I'm not sure it's quite that simple (we need to store the mean before and after the update). This isn't performance-sensitive code and I think the readability (copied directly from Knuth) is useful here for future statistics hackers.
Comment 7 Philip Rogers 2012-10-01 23:53:56 PDT
Comment on attachment 166621 [details]
Update per reviewer comments

Clearing flags since patch doesn't apply.

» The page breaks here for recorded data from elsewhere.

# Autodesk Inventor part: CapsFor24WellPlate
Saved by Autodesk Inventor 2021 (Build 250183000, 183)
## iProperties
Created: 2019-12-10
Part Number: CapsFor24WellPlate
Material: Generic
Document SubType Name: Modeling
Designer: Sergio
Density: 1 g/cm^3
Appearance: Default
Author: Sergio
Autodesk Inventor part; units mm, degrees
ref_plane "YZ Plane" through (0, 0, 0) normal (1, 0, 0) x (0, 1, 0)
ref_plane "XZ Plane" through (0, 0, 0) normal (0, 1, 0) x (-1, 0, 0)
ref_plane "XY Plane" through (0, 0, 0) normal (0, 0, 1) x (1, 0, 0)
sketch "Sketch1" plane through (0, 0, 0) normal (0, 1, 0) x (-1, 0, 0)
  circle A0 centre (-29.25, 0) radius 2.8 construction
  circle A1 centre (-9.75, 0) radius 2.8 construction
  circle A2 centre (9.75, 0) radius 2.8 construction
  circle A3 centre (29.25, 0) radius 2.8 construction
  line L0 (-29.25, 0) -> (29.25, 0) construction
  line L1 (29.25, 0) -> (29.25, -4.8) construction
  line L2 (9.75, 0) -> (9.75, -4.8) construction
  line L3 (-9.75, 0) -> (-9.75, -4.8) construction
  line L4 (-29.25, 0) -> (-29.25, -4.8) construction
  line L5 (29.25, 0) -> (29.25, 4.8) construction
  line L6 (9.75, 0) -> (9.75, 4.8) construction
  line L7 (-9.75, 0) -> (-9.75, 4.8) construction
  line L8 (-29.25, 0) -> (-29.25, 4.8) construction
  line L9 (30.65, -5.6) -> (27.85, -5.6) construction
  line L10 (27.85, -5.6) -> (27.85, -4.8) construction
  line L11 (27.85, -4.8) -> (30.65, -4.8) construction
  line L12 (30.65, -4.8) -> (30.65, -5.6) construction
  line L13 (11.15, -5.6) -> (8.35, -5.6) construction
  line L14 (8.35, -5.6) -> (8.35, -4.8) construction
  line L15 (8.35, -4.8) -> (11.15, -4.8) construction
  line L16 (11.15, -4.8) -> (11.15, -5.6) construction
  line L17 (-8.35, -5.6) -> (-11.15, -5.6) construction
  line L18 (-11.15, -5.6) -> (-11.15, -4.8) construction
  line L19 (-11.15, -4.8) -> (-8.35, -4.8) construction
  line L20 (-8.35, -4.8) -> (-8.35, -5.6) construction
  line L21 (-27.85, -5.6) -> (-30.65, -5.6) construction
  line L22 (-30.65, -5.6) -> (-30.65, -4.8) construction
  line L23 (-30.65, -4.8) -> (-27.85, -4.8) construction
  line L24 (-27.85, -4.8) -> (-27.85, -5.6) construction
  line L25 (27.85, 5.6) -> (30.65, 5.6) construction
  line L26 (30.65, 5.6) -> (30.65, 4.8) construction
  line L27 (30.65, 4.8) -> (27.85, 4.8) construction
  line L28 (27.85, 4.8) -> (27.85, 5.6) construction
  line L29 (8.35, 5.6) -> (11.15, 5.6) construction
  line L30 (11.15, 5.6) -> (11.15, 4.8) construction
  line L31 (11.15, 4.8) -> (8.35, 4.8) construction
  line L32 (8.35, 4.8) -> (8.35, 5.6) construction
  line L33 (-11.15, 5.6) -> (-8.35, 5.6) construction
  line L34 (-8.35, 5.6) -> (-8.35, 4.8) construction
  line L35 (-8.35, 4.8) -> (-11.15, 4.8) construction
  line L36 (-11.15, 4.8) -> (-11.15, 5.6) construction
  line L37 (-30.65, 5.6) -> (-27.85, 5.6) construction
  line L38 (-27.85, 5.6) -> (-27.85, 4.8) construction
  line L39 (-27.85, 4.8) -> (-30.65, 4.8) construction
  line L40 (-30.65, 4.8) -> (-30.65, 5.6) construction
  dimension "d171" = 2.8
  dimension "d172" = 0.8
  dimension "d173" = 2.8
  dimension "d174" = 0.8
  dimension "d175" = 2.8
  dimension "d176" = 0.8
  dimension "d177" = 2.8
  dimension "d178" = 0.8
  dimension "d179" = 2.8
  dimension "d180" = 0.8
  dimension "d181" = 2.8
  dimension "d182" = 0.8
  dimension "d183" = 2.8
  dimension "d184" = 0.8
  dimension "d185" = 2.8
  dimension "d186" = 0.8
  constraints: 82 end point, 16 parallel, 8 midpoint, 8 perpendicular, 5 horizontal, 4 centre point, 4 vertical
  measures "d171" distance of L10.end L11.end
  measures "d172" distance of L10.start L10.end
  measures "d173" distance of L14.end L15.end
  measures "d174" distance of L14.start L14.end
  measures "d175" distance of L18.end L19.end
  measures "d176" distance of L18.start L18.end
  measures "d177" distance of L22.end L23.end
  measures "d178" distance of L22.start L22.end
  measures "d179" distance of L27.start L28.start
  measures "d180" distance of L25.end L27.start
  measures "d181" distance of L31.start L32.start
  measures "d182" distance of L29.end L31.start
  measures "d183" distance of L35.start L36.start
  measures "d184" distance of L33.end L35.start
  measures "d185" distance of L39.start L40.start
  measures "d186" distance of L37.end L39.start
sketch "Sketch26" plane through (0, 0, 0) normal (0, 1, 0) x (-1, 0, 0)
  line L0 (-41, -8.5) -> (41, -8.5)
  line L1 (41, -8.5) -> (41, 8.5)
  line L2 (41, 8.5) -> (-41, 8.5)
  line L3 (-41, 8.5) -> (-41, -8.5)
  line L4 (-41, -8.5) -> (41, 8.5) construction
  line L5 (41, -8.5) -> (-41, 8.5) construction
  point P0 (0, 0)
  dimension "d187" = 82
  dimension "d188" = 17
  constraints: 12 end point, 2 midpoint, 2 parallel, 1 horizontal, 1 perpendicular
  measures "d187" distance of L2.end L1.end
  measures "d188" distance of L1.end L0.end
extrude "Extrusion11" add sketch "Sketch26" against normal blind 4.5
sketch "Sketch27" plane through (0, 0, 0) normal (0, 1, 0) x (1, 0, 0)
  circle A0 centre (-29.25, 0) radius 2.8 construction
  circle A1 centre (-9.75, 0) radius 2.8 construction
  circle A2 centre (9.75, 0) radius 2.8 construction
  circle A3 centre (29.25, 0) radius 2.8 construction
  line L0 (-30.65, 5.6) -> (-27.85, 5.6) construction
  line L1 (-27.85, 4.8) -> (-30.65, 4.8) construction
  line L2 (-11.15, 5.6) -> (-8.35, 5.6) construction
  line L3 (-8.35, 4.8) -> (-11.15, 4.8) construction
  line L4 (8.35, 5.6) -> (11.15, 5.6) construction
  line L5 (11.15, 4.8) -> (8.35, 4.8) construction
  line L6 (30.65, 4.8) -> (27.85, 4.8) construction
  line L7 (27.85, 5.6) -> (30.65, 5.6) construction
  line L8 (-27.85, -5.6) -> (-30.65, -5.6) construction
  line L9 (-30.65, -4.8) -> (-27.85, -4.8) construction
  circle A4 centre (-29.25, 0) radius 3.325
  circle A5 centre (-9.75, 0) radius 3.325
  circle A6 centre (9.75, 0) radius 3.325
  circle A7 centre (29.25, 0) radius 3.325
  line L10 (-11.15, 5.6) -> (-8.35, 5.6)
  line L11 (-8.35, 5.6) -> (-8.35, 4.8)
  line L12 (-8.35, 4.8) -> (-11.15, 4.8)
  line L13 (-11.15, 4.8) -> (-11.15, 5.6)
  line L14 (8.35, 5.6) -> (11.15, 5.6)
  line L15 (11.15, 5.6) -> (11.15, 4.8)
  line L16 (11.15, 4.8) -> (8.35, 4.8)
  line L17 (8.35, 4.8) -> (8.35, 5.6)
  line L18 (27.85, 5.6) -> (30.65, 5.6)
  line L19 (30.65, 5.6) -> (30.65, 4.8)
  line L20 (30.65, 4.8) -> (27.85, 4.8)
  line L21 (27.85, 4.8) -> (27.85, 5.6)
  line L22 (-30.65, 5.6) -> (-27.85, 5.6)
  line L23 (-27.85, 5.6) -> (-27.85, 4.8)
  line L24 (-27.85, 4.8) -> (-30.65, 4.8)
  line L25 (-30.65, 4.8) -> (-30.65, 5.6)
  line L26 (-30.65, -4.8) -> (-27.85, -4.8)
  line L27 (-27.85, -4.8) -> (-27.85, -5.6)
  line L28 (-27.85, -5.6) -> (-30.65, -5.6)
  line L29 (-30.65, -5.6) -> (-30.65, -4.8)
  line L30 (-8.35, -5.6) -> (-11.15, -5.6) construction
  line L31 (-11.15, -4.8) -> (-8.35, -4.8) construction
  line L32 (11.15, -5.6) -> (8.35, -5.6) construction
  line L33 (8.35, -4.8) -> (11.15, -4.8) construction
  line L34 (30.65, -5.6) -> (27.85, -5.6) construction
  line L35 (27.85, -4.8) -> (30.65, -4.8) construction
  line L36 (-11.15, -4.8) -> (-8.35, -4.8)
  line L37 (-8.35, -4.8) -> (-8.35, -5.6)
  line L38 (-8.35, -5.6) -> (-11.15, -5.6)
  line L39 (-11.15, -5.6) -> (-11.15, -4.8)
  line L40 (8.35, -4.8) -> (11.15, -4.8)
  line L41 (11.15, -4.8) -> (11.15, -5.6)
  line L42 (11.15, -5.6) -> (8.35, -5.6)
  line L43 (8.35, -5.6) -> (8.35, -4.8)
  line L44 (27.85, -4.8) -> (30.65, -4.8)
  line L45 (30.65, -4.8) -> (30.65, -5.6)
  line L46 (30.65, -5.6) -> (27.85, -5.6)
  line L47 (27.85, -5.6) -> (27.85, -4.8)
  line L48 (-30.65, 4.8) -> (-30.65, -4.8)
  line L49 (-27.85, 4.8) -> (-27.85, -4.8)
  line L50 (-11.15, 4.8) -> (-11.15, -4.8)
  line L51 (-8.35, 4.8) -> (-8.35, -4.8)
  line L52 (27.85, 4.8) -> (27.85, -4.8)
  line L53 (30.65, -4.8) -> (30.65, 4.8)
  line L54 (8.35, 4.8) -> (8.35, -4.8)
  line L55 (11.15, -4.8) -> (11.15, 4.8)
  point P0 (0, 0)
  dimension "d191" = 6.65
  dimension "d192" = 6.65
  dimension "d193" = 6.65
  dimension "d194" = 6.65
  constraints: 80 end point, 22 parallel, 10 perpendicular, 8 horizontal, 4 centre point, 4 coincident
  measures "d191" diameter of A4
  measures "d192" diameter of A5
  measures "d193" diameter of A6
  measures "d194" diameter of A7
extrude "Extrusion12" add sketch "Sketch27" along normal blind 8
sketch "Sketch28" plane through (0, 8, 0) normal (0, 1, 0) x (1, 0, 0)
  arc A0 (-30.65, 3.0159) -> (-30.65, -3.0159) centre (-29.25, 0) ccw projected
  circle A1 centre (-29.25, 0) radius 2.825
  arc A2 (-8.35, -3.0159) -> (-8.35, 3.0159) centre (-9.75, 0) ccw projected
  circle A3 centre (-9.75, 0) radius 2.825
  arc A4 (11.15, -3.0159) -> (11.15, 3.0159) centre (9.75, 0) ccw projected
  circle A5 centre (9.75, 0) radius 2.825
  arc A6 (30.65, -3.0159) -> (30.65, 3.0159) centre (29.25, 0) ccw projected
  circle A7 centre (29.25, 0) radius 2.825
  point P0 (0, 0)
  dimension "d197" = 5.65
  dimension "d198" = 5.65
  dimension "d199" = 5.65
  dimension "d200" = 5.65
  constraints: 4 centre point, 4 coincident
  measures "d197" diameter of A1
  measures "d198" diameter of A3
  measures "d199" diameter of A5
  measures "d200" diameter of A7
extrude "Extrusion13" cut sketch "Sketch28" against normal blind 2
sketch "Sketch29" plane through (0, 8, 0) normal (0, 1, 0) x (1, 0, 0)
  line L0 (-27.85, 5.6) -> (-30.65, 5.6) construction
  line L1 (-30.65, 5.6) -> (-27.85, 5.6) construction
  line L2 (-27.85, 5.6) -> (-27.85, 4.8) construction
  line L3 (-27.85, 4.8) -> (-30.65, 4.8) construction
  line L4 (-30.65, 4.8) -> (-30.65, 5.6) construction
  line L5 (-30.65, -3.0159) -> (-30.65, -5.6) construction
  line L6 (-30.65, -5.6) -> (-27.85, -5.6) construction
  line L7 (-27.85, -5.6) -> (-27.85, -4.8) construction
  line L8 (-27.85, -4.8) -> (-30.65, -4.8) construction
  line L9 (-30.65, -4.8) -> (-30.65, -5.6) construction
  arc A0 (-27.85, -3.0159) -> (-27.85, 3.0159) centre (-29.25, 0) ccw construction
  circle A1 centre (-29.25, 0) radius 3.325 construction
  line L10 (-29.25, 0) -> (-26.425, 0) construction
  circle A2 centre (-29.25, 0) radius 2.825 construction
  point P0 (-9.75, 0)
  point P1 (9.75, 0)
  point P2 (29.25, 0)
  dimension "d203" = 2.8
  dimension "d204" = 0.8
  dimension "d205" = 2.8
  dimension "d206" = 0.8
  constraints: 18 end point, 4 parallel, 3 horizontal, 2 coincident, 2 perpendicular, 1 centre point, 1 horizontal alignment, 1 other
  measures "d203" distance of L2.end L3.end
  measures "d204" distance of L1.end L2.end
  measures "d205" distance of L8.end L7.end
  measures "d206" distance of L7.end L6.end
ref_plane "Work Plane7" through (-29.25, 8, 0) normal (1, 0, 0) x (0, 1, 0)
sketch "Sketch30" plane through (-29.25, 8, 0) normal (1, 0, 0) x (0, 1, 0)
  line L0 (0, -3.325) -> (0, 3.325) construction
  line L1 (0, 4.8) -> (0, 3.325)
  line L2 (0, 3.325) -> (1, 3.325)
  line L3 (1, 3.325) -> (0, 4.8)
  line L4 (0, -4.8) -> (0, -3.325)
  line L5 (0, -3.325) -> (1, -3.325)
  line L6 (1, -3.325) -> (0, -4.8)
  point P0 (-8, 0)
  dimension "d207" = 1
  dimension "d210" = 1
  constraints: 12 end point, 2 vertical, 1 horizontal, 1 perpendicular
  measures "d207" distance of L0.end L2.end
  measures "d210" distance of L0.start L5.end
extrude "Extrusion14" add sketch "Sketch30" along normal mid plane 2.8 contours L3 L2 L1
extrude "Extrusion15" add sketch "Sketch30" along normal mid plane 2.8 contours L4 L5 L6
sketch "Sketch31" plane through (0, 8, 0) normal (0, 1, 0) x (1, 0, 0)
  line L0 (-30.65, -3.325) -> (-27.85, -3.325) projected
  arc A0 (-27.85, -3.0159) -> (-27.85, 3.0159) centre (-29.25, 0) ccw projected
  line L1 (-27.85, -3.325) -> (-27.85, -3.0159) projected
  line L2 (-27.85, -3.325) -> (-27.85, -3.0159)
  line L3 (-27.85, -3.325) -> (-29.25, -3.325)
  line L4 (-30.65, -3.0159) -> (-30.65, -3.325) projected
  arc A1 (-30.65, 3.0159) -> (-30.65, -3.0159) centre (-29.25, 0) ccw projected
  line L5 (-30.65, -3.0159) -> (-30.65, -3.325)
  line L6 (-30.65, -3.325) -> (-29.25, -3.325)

Let me rebaseline after rniwa's change today and reupload.
Comment 8 Philip Rogers 2012-10-02 00:04:58 PDT
Created attachment 166623 [details]
Rebaselined
Comment 9 Ryosuke Niwa 2012-10-02 00:11:09 PDT
Comment on attachment 166623 [details]
Rebaselined

Please include the URL to the algorithm you cited.
Comment 10 Ryosuke Niwa 2012-10-02 00:12:08 PDT
*** Bug 77401 has been marked as a duplicate of this bug. ***
Comment 11 Philip Rogers 2012-10-02 00:17:26 PDT
Created attachment 166626 [details]
Added link to algorithm in the ChangeLog
Comment 12 WebKit Review Bot 2012-10-02 01:10:40 PDT
Comment on attachment 166626 [details]
Added link to algorithm in the ChangeLog

Clearing flags on attachment: 166626

Committed r130135: <http://trac.webkit.org/changeset/130135>
Comment 13 WebKit Review Bot 2012-10-02 01:10:44 PDT
All reviewed patches have been landed.  Closing bug.
Comment 14 Csaba Osztrogonác 2012-10-02 04:00:21 PDT
(In reply to comment #12)
> (From update of attachment 166626 [details])
> Clearing flags on attachment: 166626
> 
> Committed r130135: <http://trac.webkit.org/changeset/130135>

FYI: It broke the perf tests again. See the bots for details.
Comment 15 Csaba Osztrogonác 2012-10-02 14:13:07 PDT
Fix landed in http://trac.webkit.org/changeset/130181
Comment 16 Philip Rogers 2012-10-02 14:15:43 PDT
(In reply to comment #15)
> Fix landed in http://trac.webkit.org/changeset/130181

Should we also make this change in the python standard deviation method?
Comment 17 Ryosuke Niwa 2012-10-02 14:23:47 PDT
(In reply to comment #16)
> (In reply to comment #15)
> > Fix landed in http://trac.webkit.org/changeset/130181
> 
> Should we also make this change in the python standard deviation method?

That's a good point. We should do that although PageLoadTest always gets 20 values.